■ Work item: Starting at the line with "generate circular pathshape" and going on through the line with "d_to_p_shift = circshift(d_to_p,-c_i_prev+added_i);", reproduce each line in the records below exactly and nothing more.

(Records drawn from a dataset)
━━━━━━━━
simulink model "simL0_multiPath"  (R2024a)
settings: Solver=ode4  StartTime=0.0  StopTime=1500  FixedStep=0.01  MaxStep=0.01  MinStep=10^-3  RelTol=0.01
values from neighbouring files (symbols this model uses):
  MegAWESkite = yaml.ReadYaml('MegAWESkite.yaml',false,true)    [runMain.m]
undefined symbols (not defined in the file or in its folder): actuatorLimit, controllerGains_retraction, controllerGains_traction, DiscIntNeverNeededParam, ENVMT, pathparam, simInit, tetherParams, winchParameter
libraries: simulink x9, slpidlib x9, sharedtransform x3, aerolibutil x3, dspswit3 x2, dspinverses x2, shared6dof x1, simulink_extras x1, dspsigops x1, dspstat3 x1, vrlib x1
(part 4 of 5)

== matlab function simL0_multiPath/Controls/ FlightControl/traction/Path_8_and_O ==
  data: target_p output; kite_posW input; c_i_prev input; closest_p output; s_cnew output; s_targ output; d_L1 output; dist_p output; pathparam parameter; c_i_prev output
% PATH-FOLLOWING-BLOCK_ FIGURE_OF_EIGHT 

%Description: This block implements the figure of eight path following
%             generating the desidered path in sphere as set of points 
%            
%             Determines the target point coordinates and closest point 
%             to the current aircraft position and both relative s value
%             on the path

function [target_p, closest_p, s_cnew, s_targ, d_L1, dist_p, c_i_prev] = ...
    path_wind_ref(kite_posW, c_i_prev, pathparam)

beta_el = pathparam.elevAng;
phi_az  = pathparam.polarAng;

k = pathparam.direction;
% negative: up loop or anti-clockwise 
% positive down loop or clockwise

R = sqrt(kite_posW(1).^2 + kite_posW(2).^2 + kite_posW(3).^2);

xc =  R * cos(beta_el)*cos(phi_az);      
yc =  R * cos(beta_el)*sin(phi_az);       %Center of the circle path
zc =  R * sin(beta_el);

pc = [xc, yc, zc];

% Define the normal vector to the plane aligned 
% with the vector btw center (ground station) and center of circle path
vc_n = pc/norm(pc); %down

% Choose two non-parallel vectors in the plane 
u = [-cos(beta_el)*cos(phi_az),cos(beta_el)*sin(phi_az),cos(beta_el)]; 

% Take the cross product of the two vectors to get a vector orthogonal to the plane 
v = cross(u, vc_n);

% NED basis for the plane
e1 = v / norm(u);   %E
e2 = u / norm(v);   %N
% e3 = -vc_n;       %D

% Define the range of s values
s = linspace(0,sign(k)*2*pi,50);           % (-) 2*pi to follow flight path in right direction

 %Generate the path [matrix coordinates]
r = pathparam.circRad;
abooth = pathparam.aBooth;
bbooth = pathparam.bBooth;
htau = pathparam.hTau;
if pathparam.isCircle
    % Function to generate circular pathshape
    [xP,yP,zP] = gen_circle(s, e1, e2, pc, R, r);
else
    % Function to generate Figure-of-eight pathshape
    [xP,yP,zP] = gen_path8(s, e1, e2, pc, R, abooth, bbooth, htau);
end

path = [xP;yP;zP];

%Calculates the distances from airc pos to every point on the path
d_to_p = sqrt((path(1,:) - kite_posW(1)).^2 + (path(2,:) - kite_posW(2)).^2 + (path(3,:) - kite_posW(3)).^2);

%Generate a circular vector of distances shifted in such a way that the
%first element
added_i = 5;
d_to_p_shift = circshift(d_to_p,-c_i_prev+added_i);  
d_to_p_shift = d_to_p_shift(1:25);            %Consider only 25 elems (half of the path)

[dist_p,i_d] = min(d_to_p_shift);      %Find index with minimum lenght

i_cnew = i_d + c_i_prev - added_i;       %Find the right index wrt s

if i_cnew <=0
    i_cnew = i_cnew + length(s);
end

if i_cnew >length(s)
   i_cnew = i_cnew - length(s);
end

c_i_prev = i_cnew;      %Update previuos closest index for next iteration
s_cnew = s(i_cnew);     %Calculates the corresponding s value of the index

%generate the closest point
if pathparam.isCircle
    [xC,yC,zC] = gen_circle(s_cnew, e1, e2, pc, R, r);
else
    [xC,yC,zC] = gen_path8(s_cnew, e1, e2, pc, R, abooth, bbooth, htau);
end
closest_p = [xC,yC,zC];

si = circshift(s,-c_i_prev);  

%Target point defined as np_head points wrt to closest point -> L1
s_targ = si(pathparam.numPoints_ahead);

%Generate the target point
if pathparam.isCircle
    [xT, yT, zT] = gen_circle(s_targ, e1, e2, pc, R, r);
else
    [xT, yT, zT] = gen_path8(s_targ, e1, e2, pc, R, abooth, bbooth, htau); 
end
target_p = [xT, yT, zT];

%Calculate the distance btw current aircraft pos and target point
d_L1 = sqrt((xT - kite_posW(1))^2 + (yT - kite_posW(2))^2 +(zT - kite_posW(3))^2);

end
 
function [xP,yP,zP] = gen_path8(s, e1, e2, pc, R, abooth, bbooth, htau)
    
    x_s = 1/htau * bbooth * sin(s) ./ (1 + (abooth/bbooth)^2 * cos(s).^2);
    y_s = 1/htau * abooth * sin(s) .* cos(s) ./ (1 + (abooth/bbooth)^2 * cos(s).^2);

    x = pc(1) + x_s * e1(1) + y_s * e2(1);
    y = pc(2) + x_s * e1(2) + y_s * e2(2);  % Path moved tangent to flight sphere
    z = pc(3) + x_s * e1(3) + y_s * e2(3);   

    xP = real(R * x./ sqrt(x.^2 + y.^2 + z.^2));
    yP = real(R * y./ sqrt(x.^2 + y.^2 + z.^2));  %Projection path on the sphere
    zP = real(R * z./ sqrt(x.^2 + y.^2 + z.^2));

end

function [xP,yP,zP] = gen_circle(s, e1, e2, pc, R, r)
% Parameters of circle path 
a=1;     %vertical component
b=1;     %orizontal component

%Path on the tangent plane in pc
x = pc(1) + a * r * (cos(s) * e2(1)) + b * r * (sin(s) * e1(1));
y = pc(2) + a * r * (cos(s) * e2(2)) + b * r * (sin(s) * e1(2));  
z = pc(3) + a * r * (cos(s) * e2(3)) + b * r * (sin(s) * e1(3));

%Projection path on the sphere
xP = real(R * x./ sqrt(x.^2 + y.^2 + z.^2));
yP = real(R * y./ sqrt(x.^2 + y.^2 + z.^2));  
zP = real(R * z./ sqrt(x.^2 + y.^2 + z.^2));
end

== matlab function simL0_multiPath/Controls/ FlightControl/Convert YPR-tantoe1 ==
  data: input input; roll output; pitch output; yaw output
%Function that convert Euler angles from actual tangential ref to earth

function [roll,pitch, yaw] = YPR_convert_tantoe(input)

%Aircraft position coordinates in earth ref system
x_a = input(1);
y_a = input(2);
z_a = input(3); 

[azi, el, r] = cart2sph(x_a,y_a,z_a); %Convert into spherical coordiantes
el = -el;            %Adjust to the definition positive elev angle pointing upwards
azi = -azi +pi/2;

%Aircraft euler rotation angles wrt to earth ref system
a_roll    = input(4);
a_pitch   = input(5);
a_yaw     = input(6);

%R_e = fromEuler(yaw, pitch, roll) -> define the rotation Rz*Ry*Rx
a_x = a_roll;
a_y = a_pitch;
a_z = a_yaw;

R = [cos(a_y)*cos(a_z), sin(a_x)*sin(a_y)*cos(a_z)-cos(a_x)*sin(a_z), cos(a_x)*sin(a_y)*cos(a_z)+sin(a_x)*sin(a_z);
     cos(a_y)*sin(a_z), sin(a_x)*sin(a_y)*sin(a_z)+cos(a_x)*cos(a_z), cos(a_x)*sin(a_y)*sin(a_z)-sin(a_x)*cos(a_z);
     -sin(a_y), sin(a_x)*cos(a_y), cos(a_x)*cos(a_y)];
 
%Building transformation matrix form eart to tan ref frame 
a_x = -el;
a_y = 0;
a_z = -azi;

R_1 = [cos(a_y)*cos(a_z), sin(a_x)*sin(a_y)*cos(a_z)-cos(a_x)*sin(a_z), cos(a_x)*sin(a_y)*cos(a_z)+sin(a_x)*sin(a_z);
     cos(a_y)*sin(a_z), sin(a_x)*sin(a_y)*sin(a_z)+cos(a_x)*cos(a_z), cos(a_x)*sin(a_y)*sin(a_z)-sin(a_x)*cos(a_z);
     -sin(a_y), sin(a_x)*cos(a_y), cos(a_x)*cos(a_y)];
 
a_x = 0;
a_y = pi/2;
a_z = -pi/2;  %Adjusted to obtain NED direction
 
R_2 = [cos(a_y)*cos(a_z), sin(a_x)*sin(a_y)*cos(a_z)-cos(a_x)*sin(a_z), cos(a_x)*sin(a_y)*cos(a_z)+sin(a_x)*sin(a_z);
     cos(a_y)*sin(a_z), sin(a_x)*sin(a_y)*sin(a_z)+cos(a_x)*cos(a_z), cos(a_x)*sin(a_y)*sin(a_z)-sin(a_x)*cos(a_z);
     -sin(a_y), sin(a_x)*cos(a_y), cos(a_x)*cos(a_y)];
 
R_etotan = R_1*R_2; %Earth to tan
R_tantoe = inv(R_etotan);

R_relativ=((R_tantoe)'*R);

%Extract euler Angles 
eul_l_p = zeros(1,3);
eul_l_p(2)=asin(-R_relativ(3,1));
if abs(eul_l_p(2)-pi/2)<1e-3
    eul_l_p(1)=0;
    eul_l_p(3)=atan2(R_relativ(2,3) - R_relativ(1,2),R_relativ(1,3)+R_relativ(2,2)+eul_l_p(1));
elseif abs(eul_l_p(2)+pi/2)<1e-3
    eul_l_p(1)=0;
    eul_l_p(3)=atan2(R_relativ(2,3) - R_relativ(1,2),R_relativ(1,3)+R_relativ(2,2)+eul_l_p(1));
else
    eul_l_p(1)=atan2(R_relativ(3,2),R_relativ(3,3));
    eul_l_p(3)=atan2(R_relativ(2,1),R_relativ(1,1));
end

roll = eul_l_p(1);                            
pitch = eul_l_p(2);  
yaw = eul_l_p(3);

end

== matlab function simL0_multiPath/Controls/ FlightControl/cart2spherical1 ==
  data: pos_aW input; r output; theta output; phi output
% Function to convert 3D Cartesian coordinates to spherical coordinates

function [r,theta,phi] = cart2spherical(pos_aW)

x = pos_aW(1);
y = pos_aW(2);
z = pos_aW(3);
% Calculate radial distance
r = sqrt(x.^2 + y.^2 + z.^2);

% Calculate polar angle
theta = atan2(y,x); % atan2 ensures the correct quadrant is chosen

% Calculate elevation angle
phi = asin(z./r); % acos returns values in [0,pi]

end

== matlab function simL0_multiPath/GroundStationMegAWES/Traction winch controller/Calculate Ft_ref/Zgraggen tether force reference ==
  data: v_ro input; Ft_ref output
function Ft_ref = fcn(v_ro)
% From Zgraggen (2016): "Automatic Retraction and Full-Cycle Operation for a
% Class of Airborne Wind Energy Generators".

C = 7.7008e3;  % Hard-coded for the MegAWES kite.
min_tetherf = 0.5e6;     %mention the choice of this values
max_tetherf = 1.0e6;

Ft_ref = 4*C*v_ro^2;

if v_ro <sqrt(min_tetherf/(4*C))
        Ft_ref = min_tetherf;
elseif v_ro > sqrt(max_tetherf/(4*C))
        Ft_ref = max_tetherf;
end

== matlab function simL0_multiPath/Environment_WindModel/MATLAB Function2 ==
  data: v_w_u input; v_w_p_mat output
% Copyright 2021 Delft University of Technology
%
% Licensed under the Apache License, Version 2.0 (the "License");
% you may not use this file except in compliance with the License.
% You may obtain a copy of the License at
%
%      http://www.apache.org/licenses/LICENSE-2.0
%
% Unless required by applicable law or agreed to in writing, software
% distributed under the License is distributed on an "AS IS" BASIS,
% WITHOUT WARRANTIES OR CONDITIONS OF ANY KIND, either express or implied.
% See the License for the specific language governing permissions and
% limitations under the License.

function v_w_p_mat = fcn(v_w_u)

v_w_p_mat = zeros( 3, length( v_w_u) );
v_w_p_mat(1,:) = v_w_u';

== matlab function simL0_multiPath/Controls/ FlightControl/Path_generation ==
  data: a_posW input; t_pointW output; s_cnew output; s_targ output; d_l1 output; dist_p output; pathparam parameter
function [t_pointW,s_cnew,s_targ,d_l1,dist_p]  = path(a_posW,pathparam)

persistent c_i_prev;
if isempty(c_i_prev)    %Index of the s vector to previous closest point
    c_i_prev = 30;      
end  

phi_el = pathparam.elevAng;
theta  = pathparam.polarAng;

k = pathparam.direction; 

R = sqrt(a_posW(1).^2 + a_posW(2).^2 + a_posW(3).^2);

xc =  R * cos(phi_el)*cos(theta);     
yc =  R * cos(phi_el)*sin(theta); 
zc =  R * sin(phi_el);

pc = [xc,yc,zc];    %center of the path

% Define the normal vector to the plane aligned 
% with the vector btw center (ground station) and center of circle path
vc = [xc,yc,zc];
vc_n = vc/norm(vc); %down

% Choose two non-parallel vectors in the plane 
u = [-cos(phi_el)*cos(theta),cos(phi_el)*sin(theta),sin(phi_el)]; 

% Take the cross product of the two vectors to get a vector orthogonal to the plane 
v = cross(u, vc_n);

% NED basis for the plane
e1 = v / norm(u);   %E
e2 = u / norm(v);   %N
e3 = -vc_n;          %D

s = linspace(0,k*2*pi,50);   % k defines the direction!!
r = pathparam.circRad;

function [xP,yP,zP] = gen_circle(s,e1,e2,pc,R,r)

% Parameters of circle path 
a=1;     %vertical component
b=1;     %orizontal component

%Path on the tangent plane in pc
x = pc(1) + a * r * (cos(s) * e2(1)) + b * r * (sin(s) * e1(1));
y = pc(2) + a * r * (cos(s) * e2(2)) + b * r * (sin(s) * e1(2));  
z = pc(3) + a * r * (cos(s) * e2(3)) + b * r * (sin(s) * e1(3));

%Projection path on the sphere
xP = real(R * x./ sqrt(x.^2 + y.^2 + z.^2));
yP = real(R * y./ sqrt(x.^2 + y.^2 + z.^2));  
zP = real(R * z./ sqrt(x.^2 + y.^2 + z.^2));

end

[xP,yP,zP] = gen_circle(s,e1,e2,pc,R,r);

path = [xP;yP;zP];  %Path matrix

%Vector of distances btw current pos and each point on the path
━━━━━━━━
■ Exercise output:
    % Function to generate circular pathshape
    [xP,yP,zP] = gen_circle(s, e1, e2, pc, R, r);
else
    % Function to generate Figure-of-eight pathshape
    [xP,yP,zP] = gen_path8(s, e1, e2, pc, R, abooth, bbooth, htau);
end

path = [xP;yP;zP];

%Calculates the distances from airc pos to every point on the path
d_to_p = sqrt((path(1,:) - kite_posW(1)).^2 + (path(2,:) - kite_posW(2)).^2 + (path(3,:) - kite_posW(3)).^2);

%Generate a circular vector of distances shifted in such a way that the
%first element
added_i = 5;
d_to_p_shift = circshift(d_to_p,-c_i_prev+added_i);  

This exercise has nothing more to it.